Starting k8s cluster && creating deployments in same apply

Hi all, I’m attempting to use terraform to both create a gke cluster and start up kubernetes deployments/statefulsets/etc. I’d like to be able to do the entire thing in one apply statement without having to do non-terraform steps (e.g. setting my kubeconfig to reference the newly created cluster). I was wondering if anyone has done this before and had some advice for me. The cluster creation works as expected but then my deployment/pod initializations fail with “no route to host”. This makes sense to me since I’m not telling terraform to reference the new cluster but I’m unclear on how to correct it. Any help would be greatly appreciated.

1 Like

Hi @spexican924

Welcome to the forums!

It is not possible to create the K8S cluster and deploy resources in the new cluster in a single terraform apply.

From:

IMPORTANT WARNING When using interpolation to pass credentials to the Kubernetes provider from other resources, these resources SHOULD NOT be created in the same apply operation where Kubernetes provider resources are also used. This will lead to intermittent and unpredictable errors which are hard to debug and diagnose. The root issue lies with the order in which Terraform itself evaluates the provider blocks vs. actual resources. Please refer to this section of Terraform docs for further explanation.

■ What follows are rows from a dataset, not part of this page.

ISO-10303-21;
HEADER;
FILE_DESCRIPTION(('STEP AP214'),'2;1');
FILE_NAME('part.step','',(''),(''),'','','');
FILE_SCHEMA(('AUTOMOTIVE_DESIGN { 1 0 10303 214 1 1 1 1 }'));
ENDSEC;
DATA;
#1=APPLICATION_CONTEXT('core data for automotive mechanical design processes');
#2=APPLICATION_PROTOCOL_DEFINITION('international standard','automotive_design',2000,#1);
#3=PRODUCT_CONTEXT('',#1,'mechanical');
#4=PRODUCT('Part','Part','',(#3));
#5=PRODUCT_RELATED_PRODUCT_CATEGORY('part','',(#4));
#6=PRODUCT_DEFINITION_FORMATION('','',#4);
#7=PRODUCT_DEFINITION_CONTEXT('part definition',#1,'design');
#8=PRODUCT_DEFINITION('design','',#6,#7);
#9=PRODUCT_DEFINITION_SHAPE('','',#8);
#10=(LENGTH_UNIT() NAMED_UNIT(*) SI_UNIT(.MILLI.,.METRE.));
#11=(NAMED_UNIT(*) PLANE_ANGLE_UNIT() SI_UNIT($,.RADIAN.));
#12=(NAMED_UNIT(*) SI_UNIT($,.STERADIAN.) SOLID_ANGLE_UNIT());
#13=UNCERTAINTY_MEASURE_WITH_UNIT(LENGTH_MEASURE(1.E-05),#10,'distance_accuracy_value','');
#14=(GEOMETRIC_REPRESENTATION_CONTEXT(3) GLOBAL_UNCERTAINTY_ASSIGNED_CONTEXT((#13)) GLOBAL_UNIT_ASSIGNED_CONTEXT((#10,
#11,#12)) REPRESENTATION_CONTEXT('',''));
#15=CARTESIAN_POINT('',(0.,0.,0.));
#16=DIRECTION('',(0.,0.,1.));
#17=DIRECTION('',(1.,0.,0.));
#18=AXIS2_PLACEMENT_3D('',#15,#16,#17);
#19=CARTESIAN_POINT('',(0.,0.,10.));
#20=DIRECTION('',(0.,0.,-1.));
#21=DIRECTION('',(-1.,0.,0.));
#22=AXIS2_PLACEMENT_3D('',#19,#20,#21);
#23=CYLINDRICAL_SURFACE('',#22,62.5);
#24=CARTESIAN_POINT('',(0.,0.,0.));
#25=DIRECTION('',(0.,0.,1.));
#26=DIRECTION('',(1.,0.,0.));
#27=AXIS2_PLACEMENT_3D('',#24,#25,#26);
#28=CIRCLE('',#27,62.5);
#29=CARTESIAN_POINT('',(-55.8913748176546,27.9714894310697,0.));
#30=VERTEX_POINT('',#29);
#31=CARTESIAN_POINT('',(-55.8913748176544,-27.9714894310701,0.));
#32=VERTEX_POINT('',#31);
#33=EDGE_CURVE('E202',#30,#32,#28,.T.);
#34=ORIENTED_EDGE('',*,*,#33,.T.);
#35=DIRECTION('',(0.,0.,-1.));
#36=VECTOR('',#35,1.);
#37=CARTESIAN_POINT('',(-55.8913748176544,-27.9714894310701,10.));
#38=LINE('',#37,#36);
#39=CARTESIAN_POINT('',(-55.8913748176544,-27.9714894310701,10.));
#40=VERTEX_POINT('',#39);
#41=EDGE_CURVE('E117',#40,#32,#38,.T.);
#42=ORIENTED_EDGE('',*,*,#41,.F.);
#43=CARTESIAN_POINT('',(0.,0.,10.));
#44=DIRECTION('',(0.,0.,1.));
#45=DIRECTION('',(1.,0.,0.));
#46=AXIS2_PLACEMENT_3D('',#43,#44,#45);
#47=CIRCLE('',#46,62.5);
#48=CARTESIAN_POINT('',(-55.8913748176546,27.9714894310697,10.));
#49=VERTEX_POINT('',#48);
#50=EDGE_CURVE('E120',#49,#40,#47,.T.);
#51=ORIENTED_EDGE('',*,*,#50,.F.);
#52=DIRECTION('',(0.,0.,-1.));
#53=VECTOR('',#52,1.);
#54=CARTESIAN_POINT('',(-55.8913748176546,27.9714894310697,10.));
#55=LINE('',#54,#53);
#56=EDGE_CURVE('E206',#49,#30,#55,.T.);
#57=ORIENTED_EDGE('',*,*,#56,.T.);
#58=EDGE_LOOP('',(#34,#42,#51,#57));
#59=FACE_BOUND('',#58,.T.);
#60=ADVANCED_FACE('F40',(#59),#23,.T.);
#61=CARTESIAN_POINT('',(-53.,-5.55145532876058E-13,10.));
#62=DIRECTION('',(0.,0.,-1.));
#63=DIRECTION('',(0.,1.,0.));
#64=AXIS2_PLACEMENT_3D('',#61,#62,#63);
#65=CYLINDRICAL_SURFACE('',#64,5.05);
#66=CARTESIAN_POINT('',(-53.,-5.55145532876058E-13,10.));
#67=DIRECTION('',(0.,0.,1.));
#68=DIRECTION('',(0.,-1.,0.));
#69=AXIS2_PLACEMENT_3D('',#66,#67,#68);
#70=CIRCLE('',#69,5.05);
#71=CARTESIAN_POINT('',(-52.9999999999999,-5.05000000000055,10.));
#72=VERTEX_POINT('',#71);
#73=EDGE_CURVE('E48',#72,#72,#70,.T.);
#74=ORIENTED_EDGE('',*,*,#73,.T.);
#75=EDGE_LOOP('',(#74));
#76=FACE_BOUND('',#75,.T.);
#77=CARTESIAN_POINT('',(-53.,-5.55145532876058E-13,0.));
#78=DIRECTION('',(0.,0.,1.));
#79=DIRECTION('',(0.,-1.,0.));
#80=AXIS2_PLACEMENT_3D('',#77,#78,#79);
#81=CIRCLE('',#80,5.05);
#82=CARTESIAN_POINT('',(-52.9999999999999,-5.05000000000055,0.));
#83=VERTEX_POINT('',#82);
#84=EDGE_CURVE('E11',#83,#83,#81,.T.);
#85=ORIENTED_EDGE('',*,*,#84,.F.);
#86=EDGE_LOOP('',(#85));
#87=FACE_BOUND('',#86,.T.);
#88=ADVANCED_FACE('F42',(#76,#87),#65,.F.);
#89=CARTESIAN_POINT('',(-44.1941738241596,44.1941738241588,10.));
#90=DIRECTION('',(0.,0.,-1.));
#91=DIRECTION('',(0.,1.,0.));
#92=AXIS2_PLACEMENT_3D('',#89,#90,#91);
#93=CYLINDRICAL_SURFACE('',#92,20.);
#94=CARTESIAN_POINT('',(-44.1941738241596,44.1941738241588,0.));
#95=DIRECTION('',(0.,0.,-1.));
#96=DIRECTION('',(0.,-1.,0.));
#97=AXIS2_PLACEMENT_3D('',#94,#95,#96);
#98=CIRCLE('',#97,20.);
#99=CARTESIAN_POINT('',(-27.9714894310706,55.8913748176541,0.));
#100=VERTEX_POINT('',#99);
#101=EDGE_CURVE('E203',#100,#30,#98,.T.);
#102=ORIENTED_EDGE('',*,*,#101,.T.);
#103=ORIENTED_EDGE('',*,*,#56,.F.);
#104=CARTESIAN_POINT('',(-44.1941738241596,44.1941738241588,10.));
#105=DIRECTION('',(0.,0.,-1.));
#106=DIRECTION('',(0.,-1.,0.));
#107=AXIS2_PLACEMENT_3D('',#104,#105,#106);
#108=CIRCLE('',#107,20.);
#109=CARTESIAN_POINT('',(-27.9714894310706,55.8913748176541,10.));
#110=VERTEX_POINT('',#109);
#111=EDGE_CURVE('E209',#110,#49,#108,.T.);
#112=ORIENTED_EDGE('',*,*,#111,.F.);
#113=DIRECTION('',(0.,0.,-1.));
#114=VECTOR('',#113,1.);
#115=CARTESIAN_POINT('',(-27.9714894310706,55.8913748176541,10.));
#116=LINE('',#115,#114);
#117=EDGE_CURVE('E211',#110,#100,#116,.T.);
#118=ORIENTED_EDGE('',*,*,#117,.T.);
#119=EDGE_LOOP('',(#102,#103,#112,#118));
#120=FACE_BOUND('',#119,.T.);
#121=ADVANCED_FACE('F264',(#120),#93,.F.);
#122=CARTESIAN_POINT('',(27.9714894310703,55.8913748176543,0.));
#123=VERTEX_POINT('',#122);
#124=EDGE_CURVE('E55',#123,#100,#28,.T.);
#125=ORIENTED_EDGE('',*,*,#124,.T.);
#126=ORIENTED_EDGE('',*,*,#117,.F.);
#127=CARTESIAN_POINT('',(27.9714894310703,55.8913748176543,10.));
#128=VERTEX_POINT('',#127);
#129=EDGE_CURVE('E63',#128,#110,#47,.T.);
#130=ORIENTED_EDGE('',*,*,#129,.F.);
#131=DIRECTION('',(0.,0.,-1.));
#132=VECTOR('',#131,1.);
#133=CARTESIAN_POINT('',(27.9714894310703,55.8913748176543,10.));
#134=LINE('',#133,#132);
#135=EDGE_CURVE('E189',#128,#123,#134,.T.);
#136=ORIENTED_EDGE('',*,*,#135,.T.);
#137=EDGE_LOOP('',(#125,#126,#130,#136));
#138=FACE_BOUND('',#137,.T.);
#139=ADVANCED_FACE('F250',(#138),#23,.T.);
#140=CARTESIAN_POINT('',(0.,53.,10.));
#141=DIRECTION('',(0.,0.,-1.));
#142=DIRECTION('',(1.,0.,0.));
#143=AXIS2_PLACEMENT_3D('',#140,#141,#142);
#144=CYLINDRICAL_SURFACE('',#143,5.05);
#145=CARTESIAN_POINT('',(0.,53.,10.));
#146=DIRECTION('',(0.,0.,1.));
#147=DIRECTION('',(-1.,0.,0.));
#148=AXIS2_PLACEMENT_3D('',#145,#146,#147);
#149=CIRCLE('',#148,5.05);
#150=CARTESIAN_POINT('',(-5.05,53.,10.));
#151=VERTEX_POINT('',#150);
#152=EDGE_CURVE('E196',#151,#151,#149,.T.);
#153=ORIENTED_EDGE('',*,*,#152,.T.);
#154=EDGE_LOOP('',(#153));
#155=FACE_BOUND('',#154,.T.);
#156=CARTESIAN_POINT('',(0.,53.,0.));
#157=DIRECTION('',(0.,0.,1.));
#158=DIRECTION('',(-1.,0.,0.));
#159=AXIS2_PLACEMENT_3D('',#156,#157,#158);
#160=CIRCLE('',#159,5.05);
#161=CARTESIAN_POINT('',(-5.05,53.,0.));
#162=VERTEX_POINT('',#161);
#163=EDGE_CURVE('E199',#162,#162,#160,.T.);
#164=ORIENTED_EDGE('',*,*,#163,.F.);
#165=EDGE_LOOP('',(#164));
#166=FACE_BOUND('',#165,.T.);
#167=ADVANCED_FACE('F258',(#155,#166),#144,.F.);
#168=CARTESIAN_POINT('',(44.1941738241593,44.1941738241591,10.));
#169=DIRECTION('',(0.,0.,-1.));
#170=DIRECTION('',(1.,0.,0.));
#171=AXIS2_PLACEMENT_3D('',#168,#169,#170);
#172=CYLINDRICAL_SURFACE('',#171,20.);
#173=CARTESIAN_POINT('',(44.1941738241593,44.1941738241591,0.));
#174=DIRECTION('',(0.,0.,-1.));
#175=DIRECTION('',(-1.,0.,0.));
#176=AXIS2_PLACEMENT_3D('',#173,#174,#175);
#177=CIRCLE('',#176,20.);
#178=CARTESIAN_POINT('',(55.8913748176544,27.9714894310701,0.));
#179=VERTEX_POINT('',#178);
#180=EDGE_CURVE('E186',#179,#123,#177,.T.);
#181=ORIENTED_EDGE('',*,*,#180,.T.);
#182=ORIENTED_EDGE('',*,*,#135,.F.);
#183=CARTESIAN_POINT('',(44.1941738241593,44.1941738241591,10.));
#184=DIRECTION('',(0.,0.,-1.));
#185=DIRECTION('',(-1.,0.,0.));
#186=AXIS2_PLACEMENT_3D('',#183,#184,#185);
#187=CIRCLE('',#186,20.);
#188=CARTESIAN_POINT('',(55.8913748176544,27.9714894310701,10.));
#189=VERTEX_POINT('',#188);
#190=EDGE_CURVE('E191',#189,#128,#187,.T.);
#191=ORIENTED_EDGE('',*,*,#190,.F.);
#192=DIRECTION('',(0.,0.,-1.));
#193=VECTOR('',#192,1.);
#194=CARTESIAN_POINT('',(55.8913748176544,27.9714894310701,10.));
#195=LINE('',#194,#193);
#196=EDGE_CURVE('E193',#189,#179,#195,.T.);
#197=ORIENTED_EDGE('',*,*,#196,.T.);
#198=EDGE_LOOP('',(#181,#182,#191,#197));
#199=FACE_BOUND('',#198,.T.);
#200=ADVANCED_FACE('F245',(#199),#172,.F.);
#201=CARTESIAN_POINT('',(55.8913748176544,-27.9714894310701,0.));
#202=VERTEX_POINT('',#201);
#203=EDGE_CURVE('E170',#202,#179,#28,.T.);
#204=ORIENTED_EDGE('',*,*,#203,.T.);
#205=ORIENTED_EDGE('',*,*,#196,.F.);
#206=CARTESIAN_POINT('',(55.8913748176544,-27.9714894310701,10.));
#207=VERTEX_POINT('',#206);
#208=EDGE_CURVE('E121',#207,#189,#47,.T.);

The best-practice in this case is to ensure that the cluster itself and the Kubernetes provider resources are managed with separate apply operations. Data-sources can be used to convey values between the two stages as needed.

1 Like

Ummm… That doesn’t sounds right. I’ve done exactly that using a managed k8s cluster on DigitalOcean.com.

variable "do_token" {}

data "digitalocean_kubernetes_versions" "my-first-tf-k8s-cluster" {}


resource "digitalocean_kubernetes_cluster" "my-first-tf-k8s-cluster" {
  name    = "my-first-tf-k8s-cluster"
  region  = "tor1"
  # Grab the latest version slug from `doctl kubernetes options versions`
  version = data.digitalocean_kubernetes_versions.my-first-tf-k8s-cluster.latest_version
  tags    = ["dev"]

  node_pool {
    name       = "worker-pool"
    size       = "s-1vcpu-2gb"
    node_count = 2
  }
}

provider "kubernetes" {
  load_config_file = false
  host  = digitalocean_kubernetes_cluster.my-first-tf-k8s-cluster.endpoint
  token = digitalocean_kubernetes_cluster.my-first-tf-k8s-cluster.kube_config[0].token
  cluster_ca_certificate = base64decode(
    digitalocean_kubernetes_cluster.my-first-tf-k8s-cluster.kube_config[0].cluster_ca_certificate
  )
}

provider "digitalocean" {
  token = var.do_token
}

terraform {
  required_providers {
    digitalocean = {
      source = "digitalocean/digitalocean"
      version = "1.22.0"
    }
  }
}

resource "kubernetes_deployment" "jellyfin-deployment" {
  metadata {
    name = "jellyfin"
    labels = {
      App = "jellyfin"
    }
  }
  spec {
    replicas = 1
    selector {
      match_labels = {
        App = "jellyfin"
      }
    }
    template {
      metadata {
        labels = {
          App = "jellyfin"
        }
      }
      spec {
        container {
          image = "linuxserver/jellyfin:latest"
          name = "jellyfin"
          port {
            container_port = 4096
          }
        }
      }
    }
  }
}

resource "kubernetes_service" "jellyfin-lb" {
  metadata {
    name = "jellyfin-lb"
  }
  spec {
    selector = {
      App = kubernetes_deployment.jellyfin-deployment.metadata[0].labels.App
    }
    port {
      port = 80
      target_port = 8096
    }
   type = "LoadBalancer"
 }
}

resource "digitalocean_domain" "default" {
  name = "jellyfin.example.com"
  ip_address = kubernetes_service.jellyfin-lb.load_balancer_ingress[0].ip
}

It seems to work fine!

While it is possible to do in some cases, and may work for you, it is not a recommended practice because there can be conditions where it fails leading to unreliable applies.